Sunday, October 20, 2013

The Music Man, the Empty Man

At 18, I worked with a chemist who was, even then, emotionally isolated. To put it plainly, he just didn't dig the people he worked with. Somehow, he and I clicked, literally, for we shared an interest in photography, which then of course, was mechanical, chemical, and optical. The closest we came to electronics was the use of flashbulbs. This was the first bond we shared.

I found that what was the world of chemistry could be sterile and unemotional. Many of its practitioners were that way too. I thought of them as a herd of cats, each one pursuing his own tasks and agendas. I did not belong in such a world, yet it was a job and I did it.

My mind wanders and invents. When tied down, I make up humor, say ridiculous things. I tried it with my new friend, my boss at the time. He welcomed such flights of fancy.

Once he assigned me a chemical chore requiring equipment in short supply, such as large chemical flasks and condensers. He told me to check it out in a cabinet of such items. "Kill, if necessary," he instructed me. I understood his urgency and his humor.

Eventually, I was invited to his home for dinner and some photography--developing and enlarging. He revealed his passion for classical music, showing pictures of him with friends in a room lined with music albums on the walls. A friend of his listened to eight hours of music every day.

We shared many interests as time passed. He lived across from a small airport and bought a light plane. We flew together until one day when he collided with another plane while on the ground, ending his aviation career. His friend picked me up when I made a parachute jump. All rather external pursuits.

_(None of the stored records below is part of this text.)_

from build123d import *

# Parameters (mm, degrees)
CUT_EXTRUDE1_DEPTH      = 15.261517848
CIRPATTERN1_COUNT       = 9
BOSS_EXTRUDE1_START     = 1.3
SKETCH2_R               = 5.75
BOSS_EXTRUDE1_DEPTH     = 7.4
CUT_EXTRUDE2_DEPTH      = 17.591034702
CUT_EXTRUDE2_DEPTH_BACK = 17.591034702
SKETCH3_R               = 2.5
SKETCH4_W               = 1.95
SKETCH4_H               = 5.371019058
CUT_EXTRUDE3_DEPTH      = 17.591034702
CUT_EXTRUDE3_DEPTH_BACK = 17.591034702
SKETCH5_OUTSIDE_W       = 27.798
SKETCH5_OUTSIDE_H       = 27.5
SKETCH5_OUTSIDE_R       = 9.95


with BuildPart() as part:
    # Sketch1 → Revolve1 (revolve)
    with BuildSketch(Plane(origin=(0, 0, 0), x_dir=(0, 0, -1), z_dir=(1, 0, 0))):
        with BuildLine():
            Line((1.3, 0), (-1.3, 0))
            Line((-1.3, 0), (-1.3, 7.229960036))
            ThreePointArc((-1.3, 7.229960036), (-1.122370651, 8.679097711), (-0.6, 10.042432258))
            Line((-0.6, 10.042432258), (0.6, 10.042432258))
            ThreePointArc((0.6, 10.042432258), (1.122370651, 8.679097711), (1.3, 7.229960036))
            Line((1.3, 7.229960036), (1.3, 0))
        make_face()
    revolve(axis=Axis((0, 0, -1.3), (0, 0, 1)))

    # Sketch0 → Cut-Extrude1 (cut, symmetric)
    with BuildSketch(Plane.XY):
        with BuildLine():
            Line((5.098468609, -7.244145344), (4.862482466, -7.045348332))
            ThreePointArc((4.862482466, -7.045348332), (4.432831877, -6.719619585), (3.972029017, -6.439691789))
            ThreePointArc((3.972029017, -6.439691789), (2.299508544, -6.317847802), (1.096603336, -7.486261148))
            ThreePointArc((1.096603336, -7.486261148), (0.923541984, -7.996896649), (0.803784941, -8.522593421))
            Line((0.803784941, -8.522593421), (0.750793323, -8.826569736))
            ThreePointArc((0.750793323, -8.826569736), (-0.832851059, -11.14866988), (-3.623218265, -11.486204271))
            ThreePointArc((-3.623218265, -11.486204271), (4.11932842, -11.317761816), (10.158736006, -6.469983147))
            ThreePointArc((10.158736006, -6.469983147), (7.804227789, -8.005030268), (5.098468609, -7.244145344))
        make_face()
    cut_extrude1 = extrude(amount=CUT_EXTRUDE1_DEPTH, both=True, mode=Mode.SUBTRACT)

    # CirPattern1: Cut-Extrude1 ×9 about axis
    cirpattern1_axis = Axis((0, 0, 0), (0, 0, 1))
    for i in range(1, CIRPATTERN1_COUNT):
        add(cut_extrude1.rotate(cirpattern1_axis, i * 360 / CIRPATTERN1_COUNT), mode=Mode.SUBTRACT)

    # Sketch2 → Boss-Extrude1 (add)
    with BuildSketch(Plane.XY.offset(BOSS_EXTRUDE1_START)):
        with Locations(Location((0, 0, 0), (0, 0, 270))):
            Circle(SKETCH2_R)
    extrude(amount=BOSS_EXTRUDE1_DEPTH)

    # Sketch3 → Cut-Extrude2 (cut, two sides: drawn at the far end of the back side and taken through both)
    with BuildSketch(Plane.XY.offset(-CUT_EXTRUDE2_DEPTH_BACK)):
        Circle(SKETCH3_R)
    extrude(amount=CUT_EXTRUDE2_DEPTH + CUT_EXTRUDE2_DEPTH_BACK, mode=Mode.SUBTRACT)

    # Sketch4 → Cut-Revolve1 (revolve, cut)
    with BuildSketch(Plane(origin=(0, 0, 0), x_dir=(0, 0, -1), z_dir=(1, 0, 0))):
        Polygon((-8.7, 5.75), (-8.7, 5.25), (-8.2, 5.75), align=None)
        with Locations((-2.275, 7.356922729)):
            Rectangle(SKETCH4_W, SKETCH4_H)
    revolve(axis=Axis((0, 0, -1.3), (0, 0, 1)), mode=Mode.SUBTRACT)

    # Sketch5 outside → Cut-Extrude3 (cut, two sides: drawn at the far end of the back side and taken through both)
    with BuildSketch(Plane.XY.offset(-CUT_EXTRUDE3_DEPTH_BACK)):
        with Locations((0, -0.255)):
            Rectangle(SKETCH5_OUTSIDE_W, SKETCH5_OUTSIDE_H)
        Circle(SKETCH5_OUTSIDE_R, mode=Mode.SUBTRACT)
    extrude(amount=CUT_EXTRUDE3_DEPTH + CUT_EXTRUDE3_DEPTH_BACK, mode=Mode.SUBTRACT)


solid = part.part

He described his disillusionment with religion--a classic case really. A preacher had an affair with a church member. Things like this shake those who expect people in the church to be free of sin, whose minds are set on humans and not on the Word. I might add, those who have not read of the life of David. I thought he would recover, but he never did. I was just out of high school, what did I know?

In the following years, my friend became obsessed with music--possessed, really. Guests who came to his home were treated to wall to wall recorded music instead of a friendly visit with him and his wife. After years of this, he caught on. "I have learned not to play music for guests," he told me. "They really don't want to hear it."

But in his private life, recording music came to occupy his hours, his life. It began with transferring radio broadcasts and LP's to reel to reel tape. Eventually he used three state of the art recorders each cued to electronic timers. His whole wall was lined with boxes of tape reels.

I figured he had come to an end of this manic pursuit one day. The recording stopped, replaced with cataloging efforts. This was the climax of years of work, or so I thought. But he found that some of the oxide coating on the reel to reel tapes was deteriorating, peeling off. It was then he decided to transfer them all to DVDs. The process, taking years, was begun again. Once again, the timers went off as he went from machine like a hyper robot.

In the midst of his labors, he told me, "When I die, they'll all end up in a dumpster. No one in my family wants them." The horrible truth is, it was the task of an empty man. My friend no longer conversed or revealed any of his thoughts and emotions.

His friend, who became an English teacher, became obsessed with writers--the arty set. He invited many of them into his home and seemed to prefer their company to that of his wife. She divorced him.

Over the decades I lost a friend. He did not communicate, overcome with desire for an ever-shrinking world. He still is alive, though suffering from dementia.

Nature abhors a vacuum, I learned as a young man. When we are not filled with worthy thoughts and actions, we are like the man Jesus spoke of, who though cleansed, was empty and became the home of demons.